AINEWS
AI Is Finding More Security Flaws Than Defenders Can Handle
A 2026 CVE forecast of roughly 66,000 vulnerabilities puts triage—not discovery—as the binding constraint on enterprise defense.
A 2026 CVE forecast of roughly 66,000 vulnerabilities puts triage—not discovery—as the binding constraint on enterprise defense.
Security operations centers used to measure their week in patches shipped. By late June 2026, the more honest unit of measurement is what is still sitting in the triage queue, and that queue is filling faster than any patch window can drain. The driver is not a single dramatic zero-day leak but a quiet acceleration in how quickly AI tooling finds previously hidden vulnerabilities in code that defenders already shipped years ago.
Help Net Security's first 2026 forecast puts the year's CVE total on track for roughly 66,000 disclosures (Help Net Security). That number is a forecast, not a measured count, and it sits on top of a base that was already climbing. The point is not the absolute figure but the slope: discovery capacity is now rising faster than remediation capacity, and that gap is the binding constraint for enterprise defense.

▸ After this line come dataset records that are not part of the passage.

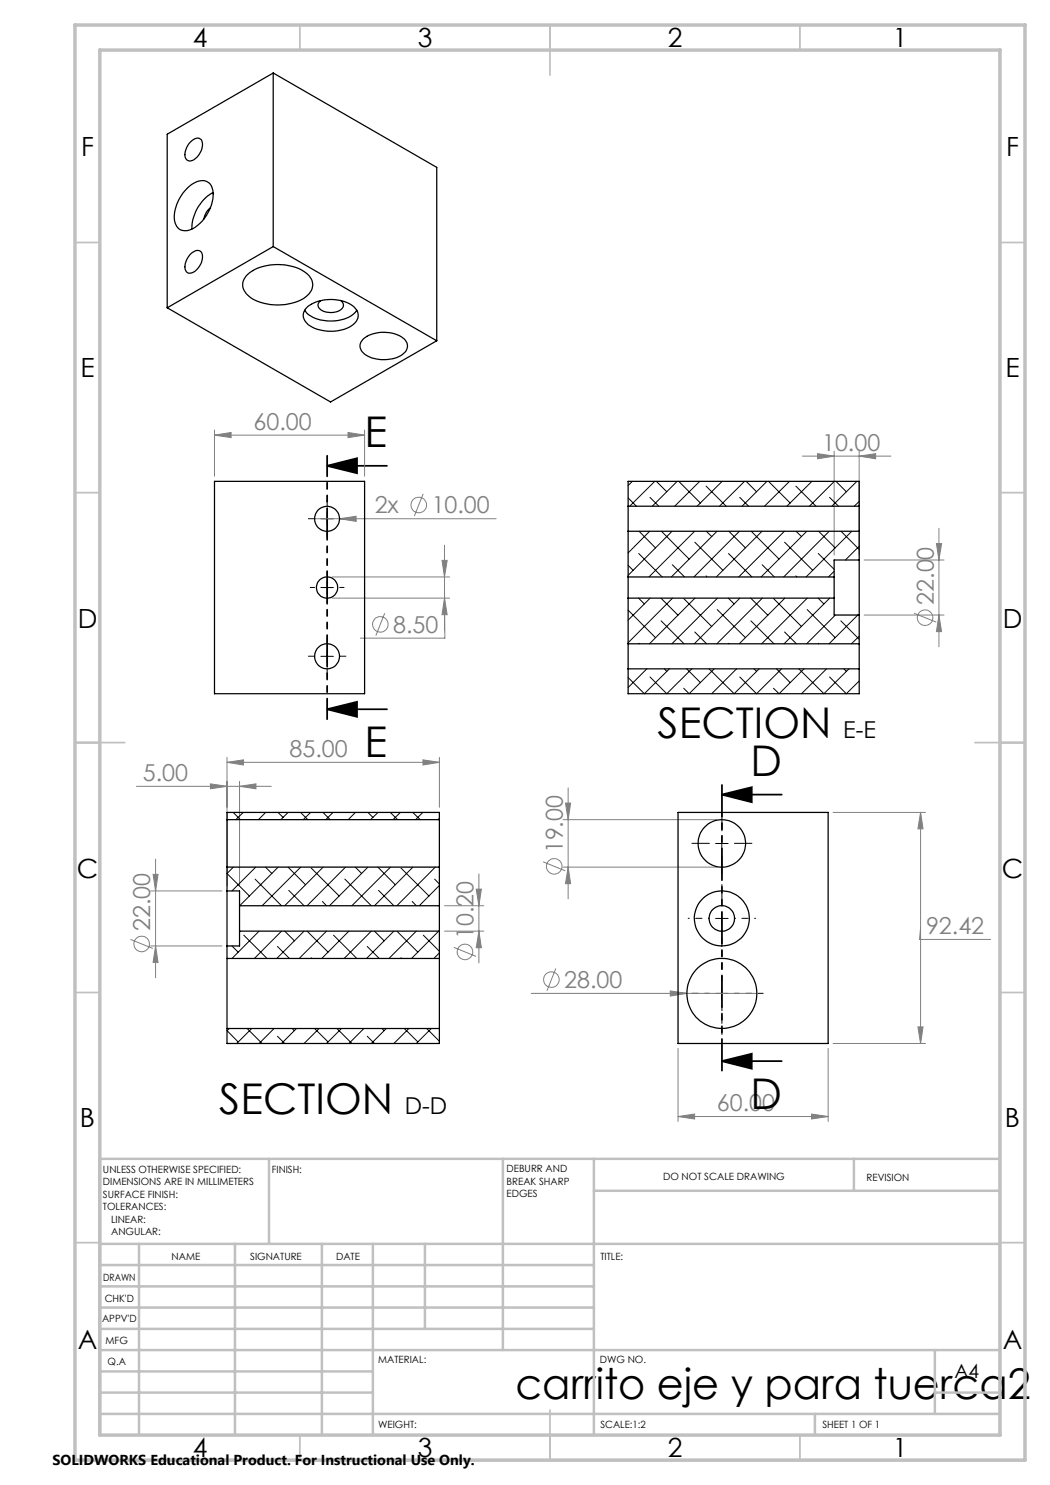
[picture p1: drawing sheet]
<svg xmlns="http://www.w3.org/2000/svg" width="210mm" height="297mm" viewBox="0 0 210 297" stroke-linecap="round" stroke-linejoin="round" font-family="sans-serif">
<g fill="none" stroke="#808080" stroke-width=".2">
<path d="M42.9 87l3.3-.5v1zM42.9 86v9.2M42.9 87h30M69.6 86.5l3.3 .5-3.3 .5zM72.9 86v9.2M84.6 98.8l-1.7 4.4M160.5 91.2h17.7M163.5 90.7l3.3 .5-3.3 .6zM166.8 90.2v20.8M171.8 90.2v20.8M171.8 91.2l3.3-.5v1.1zM62.9 103.7h36.3"/>
<path d="M66.4 115.4h23.5M66.4 119.6h23.5M67.9 103.7l3.3-.4v1zM88.4 112.1h1l-.5 3.3zM88.9 119.6l.5 3.3h-1zM88.9 109v17M88.9 117.5l.1 10.1h-16.9M172.8 112h16M187.3 108.7h1l-.5 3.3zM187.8 105.7v23.7M76.9 122.7l-1.7 4.4M172.8 123h16"/>
<path d="M182.8 122.7l4.5 1.7M187.8 123l.5 3.3h-1zM27.3 157.3h27M42.1 156.8l3.3 .5-3.3 .5zM45.4 152.5l3.3-.5v1zM45.4 151.5v25.7M45.4 152.5h42.5M47.9 157.3l3.3-.5v1zM47.9 156.3v20.9M84.6 152l3.3 .5-3.3 .5zM87.9 151.5v10M113.6 157.6v22.2"/>
<path d="M30.1 178.2h14.3M30.6 174.9h1l-.5 3.3zM31.1 171.8v23.7M95.3 177.8h1l-.5 3.3zM95.8 174.8v17.8M108.6 172.4l4.5 1.8M112.6 163.9h30.8M112.6 173.4h30.8M113.1 160.6h1l-.5 3.3zM113.6 173.4l.5 3.3h-1zM166.6 162.5h18.5M184.1 162.5l.5 3.3h-1z"/>
<path d="M184.1 162.5v46.2M26.1 187.9l4.5 1.8M30.1 189.2h14.3M31.1 189.2l.5 3.3h-1zM88.9 181.1h7.9M88.9 186.2h7.9M90.8 189.5l4.4 1.8M95.8 186.2l.5 3.3h-1zM106.3 198.7h45.1M111.2 193.7l-1.8 4.5M134.1 198.2l3.3 .5-3.3 .5zM184.1 185.6l-.2 2.3h14.2"/>
<path d="M135.6 209.7v14.6M165.6 209.7v14.6M166.6 208.7h18.5M183.6 205.4h1l-.5 3.3zM135.6 223.3l3.3-.5v1zM135.6 223.3h30M162.3 222.8l3.3 .5-3.3 .5z"/>
<circle cx="83.7" cy="101" r="1.56"/>
<circle cx="76.1" cy="124.9" r="1.55"/>
<circle cx="185" cy="123.5" r="1.55"/>
<circle cx="110.8" cy="173.3" r="1.55"/>
<circle cx="28.3" cy="188.8" r="1.56"/>
<circle cx="93" cy="190.4" r="1.55"/>
<circle cx="110.3" cy="195.9" r="1.55"/>
</g>
<path d="M65.4 93.2l6-1.6v3zM65.4 93.2h12M65.4 141.8l6-1.4v3zM65.4 141.8h12M144.4 158.9l6-1.5v3zM144.4 158.9h12M144.4 212.2l6-1.5v3zM144.4 212.2h12" fill="none" stroke="#000" stroke-width=".35"/>
<g fill="none" stroke="#000" stroke-width=".2" stroke-dasharray="15.2 1.3 1.3 1.3">
<path d="M62.9 117.5h-.8M62.9 103.7h-1.2M65.4 115v-.9M65.4 120v.9M65.4 101.2v-1.2M65.4 106.2v1.3M67.9 117.5h.9M67.9 103.7h1.3M62.9 131.2h-1.2M65.4 128.7v-1.2M65.4 133.7v1.3M67.9 131.2h1.3"/>
<path d="M141.9 168.7h-3.5M144.4 166.2v-3.5M144.4 171.2v3.5M146.9 168.7h3.5"/>
</g>
<path d="M141.9 198.7h-5.8M144.4 196.2v-5.8M146.9 198.7h5.7M144.4 201.2v5.7" fill="none" stroke="#000" stroke-width=".2" stroke-dasharray="15.2 1.3 1.3 1.3" stroke-dashoffset="14.3"/>
<path d="M141.9 183.7h-4.3M144.4 181.2v-4.3M144.4 186.2v4.2M146.9 183.7h4.2" fill="none" stroke="#000" stroke-width=".2" stroke-dasharray="15.2 1.3 1.3 1.3" stroke-dashoffset="15"/>
<path d="M64.2 117.5h2.5M64.2 103.7h2.5M65.4 102.5v2.5M65.4 116.3v2.5M64.2 131.3h2.5M65.4 130v2.5M143.1 168.7h2.5M144.4 167.4v2.5M143.1 198.7h2.5M143.1 183.7h2.5M144.4 182.4v2.5M144.4 197.4v2.6" fill="none" stroke="#000" stroke-width=".2"/>
<path d="M65.4 91.1v52.7" fill="none" stroke="#000" stroke-width=".35" stroke-dasharray="6.3 1.3 1.3 1.3 1.3 1.3" stroke-dashoffset="2.2"/>
<path d="M144.4 156.9v57.3" fill="none" stroke="#000" stroke-width=".35" stroke-dasharray="6.3 1.3 1.3 1.3 1.3 1.3" stroke-dashoffset="-.1"/>
<g fill="none" stroke="#c0c0c0" stroke-width=".35">
<path d="M60 5v5M110 5v10M160 5v5M15 48.5h5M200 48.5h5M15 98.5h5M200 98.5h5M15 148.5h10M195 148.5h10M15 198.5h5M200 198.5h5M15 248.5h5"/>
<path d="M200 248.5h5M60 287v5M110 282v10M160 287v5"/>
</g>
<g fill="none" stroke="#c0c0c0" stroke-width=".5">
<path d="M53.8 231.8v17M100.6 231.8v38.2M118.8 231.8v55.2M118.8 238.2h81.2M170.8 231.8v6.4M200 231.8h-180v55.2M20 248.8h180M20 257.3h98.8M20 253h98.8M27.8 248.8v38.2M47 248.8v38.2M64.4 248.8v38.2"/>
<path d="M74.6 248.8v38.2M85 248.8v17M20 265.8h98.8M20 261.5h98.8M20 278.5h54.6M20 274.3h54.6M20 270h180M187 278.5h13M187 270v12.8M20 282.8h180M163 282.8v4.2"/>
</g>
<path d="M15 5h190v287h-190zM20 10h180v277h-180z" fill="none" stroke="#c0c0c0" stroke-width=".7"/>
<g fill="#000">
<path d="M65.4 93.2l6-1.6v3zM65.4 141.8l6-1.4v3z"/>
<path d="M144.4 158.9l6-1.5v3zM144.4 212.2l6-1.5v3z"/>
</g>
<g fill="#808080">
<path d="M134.1 198.2l3.3 .5-3.3 .5z"/>
<path d="M67.9 103.7l3.3-.4v1z"/>
<path d="M69.6 86.5l3.3 .5-3.3 .5zM42.9 87l3.3-.5v1z"/>
<path d="M88.4 112.1h1l-.5 3.3zM88.9 119.6l.5 3.3h-1zM135.6 223.3l3.3-.5v1zM162.3 222.8l3.3 .5-3.3 .5zM183.6 205.4h1l-.5 3.3zM184.1 162.5l.5 3.3h-1zM42.1 156.8l3.3 .5-3.3 .5zM47.9 157.3l3.3-.5v1zM45.4 152.5l3.3-.5v1zM84.6 152l3.3 .5-3.3 .5zM163.5 90.7l3.3 .5-3.3 .6zM171.8 91.2l3.3-.5v1.1z"/>
<path d="M113.1 160.6h1l-.5 3.3zM113.6 173.4l.5 3.3h-1zM95.3 177.8h1l-.5 3.3zM95.8 186.2l.5 3.3h-1zM30.6 174.9h1l-.5 3.3zM31.1 189.2l.5 3.3h-1zM187.3 108.7h1l-.5 3.3zM187.8 123l.5 3.3h-1z"/>
</g>
<g fill="none" stroke="#000" stroke-width=".25">
<path d="M54.6 14.6v34.7M54.6 14.6l32.7 18.9v34.7M54.6 14.6l-21.2 12.2v34.8M37.6 37.5a3.4 3.4 0 0 1 4-1.1 3.5 3.5 0 0 1 .9 3.8 7.9 7.9 0 0 1-4.9 5.9 2.23 2.23 0 0 1-2.7-2.5 8.6 8.6 0 0 1 2.7-6.1zM38 28.5a1.64 1.64 0 0 1 2.2-.6 3.2 3.2 0 0 1-1.7 4.2 1.11 1.11 0 0 1-1.3-.2 1.11 1.11 0 0 1-.2-1.3l.4-1.2zM42.6 38.5a8.2 8.2 0 0 0-4.2 7.3M38 51a1.91 1.91 0 0 1 2-.8 2.41 2.41 0 0 1-.2 3.1 1.98 1.98 0 0 1-2.4 1.2 2.75 2.75 0 0 1 .6-3.5zM42.1 41.6a3.6 3.6 0 0 0-1.3 2.2M49.5 54.9a10.3 10.3 0 0 1 10.6-1 3.4 3.4 0 0 1 2.3 3.9 5.8 5.8 0 0 1-4.9 3 9.8 9.8 0 0 1-8-1.8 2.64 2.64 0 0 1 0-4.1zM54.6 49.3l-21.2 12.3M54.6 49.3l32.7 18.9M33.4 61.6l32.7 18.8 21.2-12.2"/>
<path d="M60.9 62.1a5.9 5.9 0 0 0 5.2 2.1 6.1 6.1 0 0 0 5.3-2.1M61.3 61.6a8 8 0 0 1 9.5-.3 2.27 2.27 0 0 1-.6 3.9 8.1 8.1 0 0 1-8.8-.5 2.05 2.05 0 0 1-.1-3.1zM64.1 60.1a1.12 1.12 0 0 0-.5 1.2 1.12 1.12 0 0 0 .9 .9 3.4 3.4 0 0 0 4.1-.8l.1-.6-.5-.7M72.5 67.9a6.7 6.7 0 0 1 8.6 .1 2.02 2.02 0 0 1-1 3.2 6.9 6.9 0 0 1-7.7-.9 1.75 1.75 0 0 1 .1-2.4zM42.9 96.3h30v42.4h-30zM125.6 101.2v5.1M125.6 115.4v4.2M125.6 101.2v-4.9h46.2v4.9M125.6 106.3v9.1M125.6 119.6v9.2M125.6 101.2h46.2M125.6 106.3h46.2"/>
<path d="M125.6 115.4h41.2M125.6 119.6h41.2M166.8 115.4v4.2M166.8 119.6v3.4h5M171.8 101.2v5.1M171.8 112v11M171.8 106.3v5.7M171.8 112h-5v3.4M125.6 128.8v5M125.6 133.8v4.9h46.2v-4.9M125.6 133.8h46.2M125.6 128.8h46.2"/>
<path d="M171.8 128.8v5M171.8 123v5.8M45.4 163.9v9.5M45.4 178.2v11M45.4 163.9v-1.4h42.5v1.4M45.4 173.4v4.8M45.4 178.2h2.5v2.9M45.4 173.4h42.5M45.4 163.9h42.5M87.9 163.9v9.5M87.9 173.4v7.7M135.6 162.5h30v46.2h-30z"/>
<path d="M45.4 191.7v14M45.4 189.2v2.5M45.4 191.7h42.5M47.9 181.1v5.1M47.9 186.2h40M47.9 181.1h40M47.9 186.2v3h-2.5M87.9 181.1v5.1M87.9 191.7v14M87.9 186.2v5.5M45.4 205.7v3h42.5v-3M45.4 205.7h42.5"/>
<circle cx="65.4" cy="117.5" r="2.12"/>
<circle cx="65.4" cy="103.8" r="2.5"/>
<circle cx="65.4" cy="131.2" r="2.5"/>
<circle cx="144.4" cy="168.7" r="4.7"/>
<circle cx="144.4" cy="183.7" r="2.56"/>
<circle cx="144.4" cy="198.7" r="7"/>
<circle cx="144.4" cy="183.7" r="5.5"/>
</g>
<g fill="none" stroke="#000" stroke-width=".2">
<path d="M125.6 99.6l1.7 1.6M126.5 96.3l-.9 .8M130 99.5l1.8 1.7M131 96.3l-5.1 4.9M131.3 96.3l2 2.1M135.4 96.3l-4.9 4.9M135.7 96.3l4.4 4.3M139.9 96.3l-5 4.9M141.2 97.2l4 4M144.4 96.3l-5 4.9M148 99.5l1.7 1.7M148.9 96.3l-5 4.9"/>
<path d="M149.2 96.3l2.1 2.1M153.4 96.3l-5 4.9M153.7 96.3l4.3 4.3M157.9 96.3l-5 4.9M159.2 97.2l4 4M162.4 96.3l-5 4.9M165.9 99.5l1.8 1.7M166.9 96.3l-5 4.9M167.2 96.3l2.1 2.1M171.4 96.3l-5 4.9M171.7 96.3l.1 .1M125.6 113.1l1 .9"/>
<path d="M127.7 119.6l1.2 1.2M127.7 110.7l4.7 4.7M127.8 106.3l3.3 3.3M129.9 106.3l-4.3 4.3M130 119.6l-4.4 4.4M132.2 119.6l3.4 3.4M132.3 106.3l5.5 5.5M134.4 106.3l-8.8 8.8M134.5 113l2.4 2.4M134.5 119.6l-8.9 8.9M136.7 119.7l5.6 5.6M138.9 106.3l-9.1 9.1"/>
<path d="M139 108.4l5.6 5.6M139 119.6l-9.1 9.2M141.2 115.2l.2 .2M141.3 106.3l1 1M143.4 106.3l-9.1 9.1M143.5 119.6l-9.1 9.2M145.7 119.6l1.1 1.2M145.7 110.7l4.7 4.7M145.8 106.3l3.3 3.3M147.9 106.3l-9.1 9.1M148 119.6l-9.1 9.2M150.1 119.6l3.5 3.4"/>
<path d="M150.2 106.3l5.6 5.5M152.4 106.3l-9.1 9.1M152.4 113l2.5 2.4M152.5 119.6l-9.1 9.2M154.7 119.7l5.6 5.6M156.9 106.3l-9.2 9.1M156.9 108.4l5.6 5.6M157 119.6l-9.2 9.2M159.2 115.2l.2 .2M159.2 106.3l1.1 1M161.4 106.3l-9.2 9.1M161.5 119.6l-9.2 9.2"/>
<path d="M163.6 119.6l1.2 1.2M163.7 110.7l3.1 3.2M163.7 106.3l3.3 3.3M165.8 106.3l-9.1 9.1M165.9 119.6l-9.1 9.2M166.8 114.3l-1.1 1.1M168.2 106.3l3.6 3.6M170.4 106.3l-9.2 9.1M171.8 109.3l-2.7 2.7M171.8 100.3l-.9 .9M125.6 122l5.5 5.5M127.7 128.7l.1 .1"/>
<path d="M129.4 133.8l-3.8 3.7M132.2 124.2l4.6 4.6M132.9 133.8l.4 .5M133.9 133.8l-5 4.9-3.3-3.2M137.3 133.8l2.8 2.7M138.4 133.8l-5.1 4.9-3.3-3.3M139 126.4l2.3 2.4M141.8 133.8l5 4.9 5-4.9M142.8 133.8l-5 4.9-1.1-1M143.4 121.9l5.7 5.6M145.7 128.7l.1 .1M147.3 133.8l-5 4.9"/>
<path d="M150.2 124.2l4.6 4.6M150.8 133.8l.5 .5M155.3 133.8l2.7 2.7M156.3 133.8l-5 4.9-3.3-3.3M156.9 126.4l2.4 2.4M159.8 133.8l5 4.9 5-4.9M160.8 133.8l-5 4.9-1.1-1M161.4 121.9l5.6 5.6M163.7 128.7l.1 .1M165.3 133.8l-5 4.9M165.9 135.4l3.4 3.3 2.5-2.5M167.1 123l-5.8 5.8"/>
<path d="M168.2 124.2l3.6 3.6M168.8 133.8l.5 .5M171.5 123h.1M171.6 123l-5.8 5.8M171.8 127.2l-1.5 1.6M46.6 162.5l1.5 1.4M46.7 173.4l-1.3 1.3 4.5 4.5M48.6 162.5l-1.4 1.4M51 175.8l5.3 5.3M51.2 173.4l-4.8 4.8M53.1 173.4l1.3 1.3M53.1 162.5l-1.4 1.4"/>
<path d="M55.6 162.5l1 1M55.6 173.4l-7.7 7.7M57.6 162.5l-1.4 1.4M57.6 173.4l3.5 3.5M57.7 178.1l3.1 3M60.1 162.5l1.5 1.4M60.1 173.4l-7.7 7.7M62.1 162.5l-1.5 1.4M62.2 173.6l5.6 5.6M64.6 162.5l1.4 1.4M64.6 173.4l-7.7 7.7M66.6 162.5l-1.4 1.4"/>
<path d="M69 175.8l5.3 5.3M69.1 173.4l-7.7 7.7M71 173.4l1.3 1.3M71.1 162.5l-1.5 1.4M73.6 162.5l1 1M73.6 173.4l-7.7 7.7M75.6 173.4l3.5 3.5M75.6 162.5l-1.5 1.4M75.7 178.1l3.1 3M78.1 162.5l1.4 1.4M78.1 173.4l-7.7 7.7M80.1 162.5l-1.5 1.4"/>
<path d="M80.2 173.6l5.6 5.6M82.5 162.5l1.5 1.4M82.6 173.4l-7.7 7.7M84.6 162.5l-1.5 1.4M86.9 175.8l1 1M87.1 173.4l-7.7 7.7M87.9 163.7l-.3 .2M87.9 177.1l-4 4M46.4 189.2l1.2 1.2M48.8 187l4.6 4.7M51.8 186.2l-5.4 5.5M55.5 189.3l2.4 2.4"/>
<path d="M56.3 186.2l-5.4 5.5M56.9 186.2l2 2M60.8 186.2l-5.4 5.5M61.4 186.2l4.2 4.2M62.2 191.6l.2 .1M64.5 180.3l.8 .8M65.3 186.2l-5.5 5.5M66.7 187l4.7 4.7M69.8 186.2l-5.5 5.5M73.4 189.3l2.4 2.4M74.3 186.2l-5.5 5.5M74.9 186.2l1.9 2"/>
<path d="M78.8 186.2l-5.5 5.5M79.4 186.2l4.2 4.2M80.2 191.6l.1 .1M82.4 180.3l.9 .8M83.3 186.2l-5.5 5.5M84.7 187l3.2 3.2M87.7 186.2l-5.4 5.5M87.9 190.6l-1.1 1.1M45.9 205.7l-.5 .4 2.2 2.3M49.4 205.7l3 3M50.3 205.7l-3 3M54.8 205.7l-3 3"/>
<path d="M55.5 207.3l1.4 1.4M58.4 205.7l.5 .4M59.3 205.7l-3 3M62.9 205.7l2.7 2.7M63.8 205.7l-3 3M67.4 205.7l3 3M68.3 205.7l-3 3M72.8 205.7l-3 3M73.4 207.3l1.5 1.4M76.4 205.7l.4 .4M77.3 205.7l-3 3M80.9 205.7l2.7 2.7"/>
<path d="M81.8 205.7l-3 3M85.3 205.7l2.6 2.5M86.3 205.7l-3 3M87.9 208.5l-.2 .2"/>
</g>
<g font-size="8.5">
<text x="72.9" y="89.4">E</text>
<text x="131.5" y="147.7">SECTION</text>
<text x="72.9" y="151.4">E</text>
<text x="150.1" y="155.2">D</text>
<text x="150.1" y="221.8">D</text>
<text x="43.9" y="222.8">SECTION</text>
<text x="103.1" y="279.7">carrito eje y para tuerca2</text>
</g>
<g font-size="5.3">
<text x="38.5" y="9.5">4</text>
<text x="83.5" y="9.5">3</text>
<text x="133.6" y="9.5">2</text>
<text x="178.6" y="9.5">1</text>
<text x="16.2" y="31.3">F</text>
<text x="201.2" y="31.3">F</text>
<text x="16.1" y="75.5">E</text>
<text x="201.1" y="75.5">E</text>
<text x="15.5" y="125.5">D</text>
<text x="200.5" y="125.5">D</text>
<text x="15.4" y="175.5">C</text>
<text x="200.4" y="175.5">C</text>
<text x="16" y="225.5">B</text>
<text x="201" y="225.5">B</text>
<text x="15.5" y="269.8">A</text>
<text x="200.5" y="269.8">A</text>
<text x="38.5" y="291.5">4</text>
<text x="83.5" y="291.5">3</text>
<text x="133.6" y="291.5">2</text>
<text x="178.6" y="291.5">1</text>
</g>
<g font-size="4.7" fill="#808080">
<text x="50.7" y="86">60.00</text>
<text x="164.4" y="90.2">10.00</text>
<text x="74.9" y="102.7">2x</text>
<text x="86.3" y="102.7">10.00</text>
<text x="186.7" y="121" transform="rotate(-90 186.7 121)">22.00</text>
<text x="78.7" y="126.6">8.50</text>
<text x="57.9" y="151.4">85.00</text>
<text x="28.6" y="156.2">5.00</text>
<text x="112.6" y="170.7" transform="rotate(-90 112.6 170.7)">19.00</text>
<text x="30.1" y="186.2" transform="rotate(-90 30.1 186.2)">22.00</text>
<text x="94.7" y="187.8" transform="rotate(-90 94.7 187.8)">10.20</text>
<text x="185.2" y="186.8">92.42</text>
<text x="112.9" y="197.6">28.00</text>
<text x="143.4" y="222.3">60.00</text>
</g>
<g font-size="4.7">
<text x="168.6" y="147.6">E-E</text>
<text x="81" y="222.8">D-D</text>
</g>
<text font-size="3.9" x="190.9" y="275.5">A4</text>
<text font-size="2.9" x="10.5" y="292.9">SOLIDWORKS Educational Product. For Instructional Use Only.</text>
<g font-size="2">
<text x="20.6" y="234.6">UNLESS OTHERWISE SPECIFIED:</text>
<text x="20.6" y="237.1">DIMENSIONS ARE IN MILLIMETERS</text>
<text x="20.6" y="239.6">SURFACE FINISH:</text>
<text x="54.4" y="234.6">FINISH:</text>
<text x="101.3" y="234.5">DEBURR AND</text>
<text x="101.3" y="237">BREAK SHARP</text>
<text x="101.3" y="239.5">EDGES</text>
<text x="132.6" y="236">DO NOT SCALE DRAWING</text>
<text x="173.3" y="236.2">REVISION</text>
<text x="20.6" y="242.1">TOLERANCES:</text>
<text x="22.2" y="244.6">LINEAR:</text>
<text x="22.2" y="247.1">ANGULAR:</text>
<text x="34.3" y="252">NAME</text>
<text x="50" y="251.9">SIGNATURE</text>
<text x="67.2" y="251.9">DATE</text>
<text x="120.1" y="251.9">TITLE:</text>
<text x="20.6" y="256.1">DRAWN</text>
<text x="20.9" y="260.3">CHK'D</text>
<text x="20.4" y="264.4">APPV'D</text>
<text x="21.1" y="268.8">MFG</text>
<text x="21.5" y="273">Q.A</text>
<text x="75.6" y="272.5">MATERIAL:</text>
<text x="120" y="272.5">DWG NO.</text>
<text x="75.6" y="285.5">WEIGHT:</text>
<text x="120.1" y="285.6">SCALE:1:2</text>
<text x="164.5" y="285.6">SHEET 1 OF 1</text>
</g>
</svg>

The acceleration has at least three named drivers. Anthropic's research update on Project Glasswing describes work on automated vulnerability discovery, and a separate Register report in April covered Anthropic's earlier claim that its Mythos model could find and exploit zero-days in a controlled setting (Anthropic, The Register). OpenAI has moved into the same lane with Daybreak, a security-tooling initiative that recasts a model lab as a defender-side vendor (OpenAI). Chainguard's Athena coalition is the industry-coordination response: a shared effort to harden the software supply chain against AI-driven bug finding (Chainguard). Capability claims from these vendors are still company-reported in most cases, and independent reproduction of mass exploitation is not yet on the public record.
The result is a defender landscape where a single week can deliver a stalled patch on a long-running SharePoint zero-day under active attack, an Amazon Q flaw that lets a booby-trapped Git repository execute commands and steal cloud credentials, and a Russian-aligned Signal phishing campaign that hijacks support chats (The Register). That is one curated week's worth of items. Multiply it across the year and the workflow problem becomes obvious: more findings, more sources of findings, and the same human-hours to sort, validate, prioritize, and patch.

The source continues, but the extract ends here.